=== Section Start ===
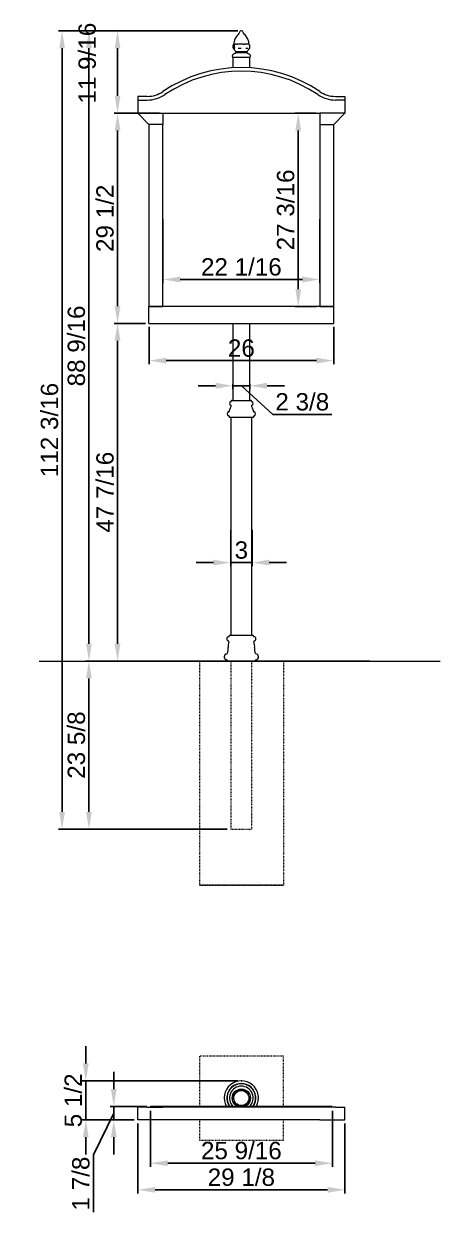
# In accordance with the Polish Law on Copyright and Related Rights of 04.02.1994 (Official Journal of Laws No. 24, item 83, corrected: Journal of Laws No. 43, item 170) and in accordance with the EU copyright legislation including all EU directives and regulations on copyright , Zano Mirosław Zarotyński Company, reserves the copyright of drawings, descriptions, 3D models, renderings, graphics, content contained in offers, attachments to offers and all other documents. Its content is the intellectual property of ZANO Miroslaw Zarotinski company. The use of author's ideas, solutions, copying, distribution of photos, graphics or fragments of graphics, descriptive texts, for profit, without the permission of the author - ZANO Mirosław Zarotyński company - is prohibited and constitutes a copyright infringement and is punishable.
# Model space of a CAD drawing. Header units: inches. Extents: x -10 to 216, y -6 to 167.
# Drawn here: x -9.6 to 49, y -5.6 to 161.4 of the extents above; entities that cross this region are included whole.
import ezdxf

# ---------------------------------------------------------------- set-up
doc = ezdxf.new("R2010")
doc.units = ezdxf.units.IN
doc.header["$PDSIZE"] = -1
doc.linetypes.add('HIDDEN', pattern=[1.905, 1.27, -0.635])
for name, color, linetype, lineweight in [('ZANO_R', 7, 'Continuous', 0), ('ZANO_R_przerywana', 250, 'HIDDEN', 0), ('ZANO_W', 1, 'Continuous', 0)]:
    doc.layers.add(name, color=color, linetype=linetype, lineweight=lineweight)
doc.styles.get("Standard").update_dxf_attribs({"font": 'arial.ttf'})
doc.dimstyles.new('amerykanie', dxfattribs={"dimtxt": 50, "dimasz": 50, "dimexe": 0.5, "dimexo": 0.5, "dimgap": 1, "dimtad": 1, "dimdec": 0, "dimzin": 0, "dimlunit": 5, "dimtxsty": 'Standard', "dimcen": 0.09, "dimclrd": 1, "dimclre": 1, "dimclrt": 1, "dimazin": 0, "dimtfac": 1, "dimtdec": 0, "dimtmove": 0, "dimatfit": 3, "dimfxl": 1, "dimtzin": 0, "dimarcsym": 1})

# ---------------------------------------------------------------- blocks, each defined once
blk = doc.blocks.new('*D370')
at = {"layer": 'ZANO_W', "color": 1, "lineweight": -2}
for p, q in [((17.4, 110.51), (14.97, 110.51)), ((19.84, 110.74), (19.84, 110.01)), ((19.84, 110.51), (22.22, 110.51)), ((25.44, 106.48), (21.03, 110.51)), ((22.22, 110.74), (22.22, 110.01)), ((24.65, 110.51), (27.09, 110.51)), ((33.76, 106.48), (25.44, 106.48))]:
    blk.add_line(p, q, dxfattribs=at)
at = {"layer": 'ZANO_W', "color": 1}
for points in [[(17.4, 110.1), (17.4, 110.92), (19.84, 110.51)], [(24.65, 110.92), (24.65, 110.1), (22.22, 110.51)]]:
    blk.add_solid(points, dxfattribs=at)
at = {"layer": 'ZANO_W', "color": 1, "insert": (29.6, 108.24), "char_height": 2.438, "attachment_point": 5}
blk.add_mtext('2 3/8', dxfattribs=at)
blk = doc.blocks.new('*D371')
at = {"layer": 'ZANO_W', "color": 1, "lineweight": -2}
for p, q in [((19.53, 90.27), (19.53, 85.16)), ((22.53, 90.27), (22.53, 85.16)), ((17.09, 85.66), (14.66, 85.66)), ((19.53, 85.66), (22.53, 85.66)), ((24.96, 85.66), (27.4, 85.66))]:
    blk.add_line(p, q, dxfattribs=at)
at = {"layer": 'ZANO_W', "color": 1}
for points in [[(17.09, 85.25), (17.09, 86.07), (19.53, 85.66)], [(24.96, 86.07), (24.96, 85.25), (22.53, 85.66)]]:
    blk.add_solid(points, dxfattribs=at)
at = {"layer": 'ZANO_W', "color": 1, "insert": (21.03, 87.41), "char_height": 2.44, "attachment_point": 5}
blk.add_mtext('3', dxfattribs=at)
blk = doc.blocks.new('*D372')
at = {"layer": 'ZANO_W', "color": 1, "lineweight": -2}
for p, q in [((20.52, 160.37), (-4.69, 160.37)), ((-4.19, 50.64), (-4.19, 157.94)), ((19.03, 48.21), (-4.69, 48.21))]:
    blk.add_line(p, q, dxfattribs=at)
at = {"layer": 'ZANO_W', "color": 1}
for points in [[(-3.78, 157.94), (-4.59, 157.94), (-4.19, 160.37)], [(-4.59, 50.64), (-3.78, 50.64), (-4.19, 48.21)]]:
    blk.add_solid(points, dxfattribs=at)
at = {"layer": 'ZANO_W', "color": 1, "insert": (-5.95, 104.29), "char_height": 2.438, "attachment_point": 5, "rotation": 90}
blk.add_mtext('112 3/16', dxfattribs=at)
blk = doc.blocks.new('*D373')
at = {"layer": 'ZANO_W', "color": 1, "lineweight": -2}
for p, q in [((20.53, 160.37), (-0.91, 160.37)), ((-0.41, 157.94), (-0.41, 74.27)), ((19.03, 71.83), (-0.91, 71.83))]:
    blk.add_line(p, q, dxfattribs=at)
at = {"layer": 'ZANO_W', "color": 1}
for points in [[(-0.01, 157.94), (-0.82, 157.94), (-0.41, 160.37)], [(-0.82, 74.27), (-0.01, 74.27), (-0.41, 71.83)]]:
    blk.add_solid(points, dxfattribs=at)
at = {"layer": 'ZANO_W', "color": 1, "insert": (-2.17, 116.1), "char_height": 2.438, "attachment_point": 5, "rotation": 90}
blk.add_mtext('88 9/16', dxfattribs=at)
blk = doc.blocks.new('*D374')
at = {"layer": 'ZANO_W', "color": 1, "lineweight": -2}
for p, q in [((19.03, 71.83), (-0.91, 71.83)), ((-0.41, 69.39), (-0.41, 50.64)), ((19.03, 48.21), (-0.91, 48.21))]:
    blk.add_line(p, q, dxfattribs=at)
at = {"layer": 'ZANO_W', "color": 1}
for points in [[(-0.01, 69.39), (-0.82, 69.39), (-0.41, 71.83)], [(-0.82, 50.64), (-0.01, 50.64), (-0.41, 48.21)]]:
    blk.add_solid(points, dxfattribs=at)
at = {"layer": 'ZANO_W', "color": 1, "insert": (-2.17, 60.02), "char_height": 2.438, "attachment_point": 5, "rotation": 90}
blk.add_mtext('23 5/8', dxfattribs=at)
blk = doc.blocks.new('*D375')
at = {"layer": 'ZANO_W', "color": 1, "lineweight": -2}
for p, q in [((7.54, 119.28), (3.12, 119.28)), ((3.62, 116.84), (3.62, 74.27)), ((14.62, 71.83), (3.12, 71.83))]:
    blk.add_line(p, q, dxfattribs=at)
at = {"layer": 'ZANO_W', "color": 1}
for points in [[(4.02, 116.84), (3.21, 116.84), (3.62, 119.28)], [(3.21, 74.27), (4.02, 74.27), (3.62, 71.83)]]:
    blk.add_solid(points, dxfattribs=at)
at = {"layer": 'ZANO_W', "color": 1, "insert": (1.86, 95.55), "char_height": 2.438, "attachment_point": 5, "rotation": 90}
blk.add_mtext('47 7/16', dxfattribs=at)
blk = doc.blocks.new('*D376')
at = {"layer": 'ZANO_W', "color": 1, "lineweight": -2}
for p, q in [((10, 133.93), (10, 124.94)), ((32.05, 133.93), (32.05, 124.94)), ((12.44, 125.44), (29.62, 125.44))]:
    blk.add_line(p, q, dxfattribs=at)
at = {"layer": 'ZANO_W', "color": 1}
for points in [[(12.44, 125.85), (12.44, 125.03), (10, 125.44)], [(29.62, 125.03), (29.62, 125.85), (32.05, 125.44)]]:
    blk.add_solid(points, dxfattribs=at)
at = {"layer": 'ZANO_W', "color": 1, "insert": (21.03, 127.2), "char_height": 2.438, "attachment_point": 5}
=== Section End ===
#### [TASK TO CARRY OUT]
The response has to be an exact copy of all the data, pictures excluded.

#### [TASK RESULT]
# In accordance with the Polish Law on Copyright and Related Rights of 04.02.1994 (Official Journal of Laws No. 24, item 83, corrected: Journal of Laws No. 43, item 170) and in accordance with the EU copyright legislation including all EU directives and regulations on copyright , Zano Mirosław Zarotyński Company, reserves the copyright of drawings, descriptions, 3D models, renderings, graphics, content contained in offers, attachments to offers and all other documents. Its content is the intellectual property of ZANO Miroslaw Zarotinski company. The use of author's ideas, solutions, copying, distribution of photos, graphics or fragments of graphics, descriptive texts, for profit, without the permission of the author - ZANO Mirosław Zarotyński company - is prohibited and constitutes a copyright infringement and is punishable.
# Model space of a CAD drawing. Header units: inches. Extents: x -10 to 216, y -6 to 167.
# Drawn here: x -9.6 to 49, y -5.6 to 161.4 of the extents above; entities that cross this region are included whole.
import ezdxf

# ---------------------------------------------------------------- set-up
doc = ezdxf.new("R2010")
doc.units = ezdxf.units.IN
doc.header["$PDSIZE"] = -1
doc.linetypes.add('HIDDEN', pattern=[1.905, 1.27, -0.635])
for name, color, linetype, lineweight in [('ZANO_R', 7, 'Continuous', 0), ('ZANO_R_przerywana', 250, 'HIDDEN', 0), ('ZANO_W', 1, 'Continuous', 0)]:
    doc.layers.add(name, color=color, linetype=linetype, lineweight=lineweight)
doc.styles.get("Standard").update_dxf_attribs({"font": 'arial.ttf'})
doc.dimstyles.new('amerykanie', dxfattribs={"dimtxt": 50, "dimasz": 50, "dimexe": 0.5, "dimexo": 0.5, "dimgap": 1, "dimtad": 1, "dimdec": 0, "dimzin": 0, "dimlunit": 5, "dimtxsty": 'Standard', "dimcen": 0.09, "dimclrd": 1, "dimclre": 1, "dimclrt": 1, "dimazin": 0, "dimtfac": 1, "dimtdec": 0, "dimtmove": 0, "dimatfit": 3, "dimfxl": 1, "dimtzin": 0, "dimarcsym": 1})

# ---------------------------------------------------------------- blocks, each defined once
blk = doc.blocks.new('*D370')
at = {"layer": 'ZANO_W', "color": 1, "lineweight": -2}
for p, q in [((17.4, 110.51), (14.97, 110.51)), ((19.84, 110.74), (19.84, 110.01)), ((19.84, 110.51), (22.22, 110.51)), ((25.44, 106.48), (21.03, 110.51)), ((22.22, 110.74), (22.22, 110.01)), ((24.65, 110.51), (27.09, 110.51)), ((33.76, 106.48), (25.44, 106.48))]:
    blk.add_line(p, q, dxfattribs=at)
at = {"layer": 'ZANO_W', "color": 1}
for points in [[(17.4, 110.1), (17.4, 110.92), (19.84, 110.51)], [(24.65, 110.92), (24.65, 110.1), (22.22, 110.51)]]:
    blk.add_solid(points, dxfattribs=at)
at = {"layer": 'ZANO_W', "color": 1, "insert": (29.6, 108.24), "char_height": 2.438, "attachment_point": 5}
blk.add_mtext('2 3/8', dxfattribs=at)
blk = doc.blocks.new('*D371')
at = {"layer": 'ZANO_W', "color": 1, "lineweight": -2}
for p, q in [((19.53, 90.27), (19.53, 85.16)), ((22.53, 90.27), (22.53, 85.16)), ((17.09, 85.66), (14.66, 85.66)), ((19.53, 85.66), (22.53, 85.66)), ((24.96, 85.66), (27.4, 85.66))]:
    blk.add_line(p, q, dxfattribs=at)
at = {"layer": 'ZANO_W', "color": 1}
for points in [[(17.09, 85.25), (17.09, 86.07), (19.53, 85.66)], [(24.96, 86.07), (24.96, 85.25), (22.53, 85.66)]]:
    blk.add_solid(points, dxfattribs=at)
at = {"layer": 'ZANO_W', "color": 1, "insert": (21.03, 87.41), "char_height": 2.44, "attachment_point": 5}
blk.add_mtext('3', dxfattribs=at)
blk = doc.blocks.new('*D372')
at = {"layer": 'ZANO_W', "color": 1, "lineweight": -2}
for p, q in [((20.52, 160.37), (-4.69, 160.37)), ((-4.19, 50.64), (-4.19, 157.94)), ((19.03, 48.21), (-4.69, 48.21))]:
    blk.add_line(p, q, dxfattribs=at)
at = {"layer": 'ZANO_W', "color": 1}
for points in [[(-3.78, 157.94), (-4.59, 157.94), (-4.19, 160.37)], [(-4.59, 50.64), (-3.78, 50.64), (-4.19, 48.21)]]:
    blk.add_solid(points, dxfattribs=at)
at = {"layer": 'ZANO_W', "color": 1, "insert": (-5.95, 104.29), "char_height": 2.438, "attachment_point": 5, "rotation": 90}
blk.add_mtext('112 3/16', dxfattribs=at)
blk = doc.blocks.new('*D373')
at = {"layer": 'ZANO_W', "color": 1, "lineweight": -2}
for p, q in [((20.53, 160.37), (-0.91, 160.37)), ((-0.41, 157.94), (-0.41, 74.27)), ((19.03, 71.83), (-0.91, 71.83))]:
    blk.add_line(p, q, dxfattribs=at)
at = {"layer": 'ZANO_W', "color": 1}
for points in [[(-0.01, 157.94), (-0.82, 157.94), (-0.41, 160.37)], [(-0.82, 74.27), (-0.01, 74.27), (-0.41, 71.83)]]:
    blk.add_solid(points, dxfattribs=at)
at = {"layer": 'ZANO_W', "color": 1, "insert": (-2.17, 116.1), "char_height": 2.438, "attachment_point": 5, "rotation": 90}
blk.add_mtext('88 9/16', dxfattribs=at)
blk = doc.blocks.new('*D374')
at = {"layer": 'ZANO_W', "color": 1, "lineweight": -2}
for p, q in [((19.03, 71.83), (-0.91, 71.83)), ((-0.41, 69.39), (-0.41, 50.64)), ((19.03, 48.21), (-0.91, 48.21))]:
    blk.add_line(p, q, dxfattribs=at)
at = {"layer": 'ZANO_W', "color": 1}
for points in [[(-0.01, 69.39), (-0.82, 69.39), (-0.41, 71.83)], [(-0.82, 50.64), (-0.01, 50.64), (-0.41, 48.21)]]:
    blk.add_solid(points, dxfattribs=at)
at = {"layer": 'ZANO_W', "color": 1, "insert": (-2.17, 60.02), "char_height": 2.438, "attachment_point": 5, "rotation": 90}
blk.add_mtext('23 5/8', dxfattribs=at)
blk = doc.blocks.new('*D375')
at = {"layer": 'ZANO_W', "color": 1, "lineweight": -2}
for p, q in [((7.54, 119.28), (3.12, 119.28)), ((3.62, 116.84), (3.62, 74.27)), ((14.62, 71.83), (3.12, 71.83))]:
    blk.add_line(p, q, dxfattribs=at)
at = {"layer": 'ZANO_W', "color": 1}
for points in [[(4.02, 116.84), (3.21, 116.84), (3.62, 119.28)], [(3.21, 74.27), (4.02, 74.27), (3.62, 71.83)]]:
    blk.add_solid(points, dxfattribs=at)
at = {"layer": 'ZANO_W', "color": 1, "insert": (1.86, 95.55), "char_height": 2.438, "attachment_point": 5, "rotation": 90}
blk.add_mtext('47 7/16', dxfattribs=at)
blk = doc.blocks.new('*D376')
at = {"layer": 'ZANO_W', "color": 1, "lineweight": -2}
for p, q in [((10, 133.93), (10, 124.94)), ((32.05, 133.93), (32.05, 124.94)), ((12.44, 125.44), (29.62, 125.44))]:
    blk.add_line(p, q, dxfattribs=at)
at = {"layer": 'ZANO_W', "color": 1}
for points in [[(12.44, 125.85), (12.44, 125.03), (10, 125.44)], [(29.62, 125.03), (29.62, 125.85), (32.05, 125.44)]]:
    blk.add_solid(points, dxfattribs=at)
at = {"layer": 'ZANO_W', "color": 1, "insert": (21.03, 127.2), "char_height": 2.438, "attachment_point": 5}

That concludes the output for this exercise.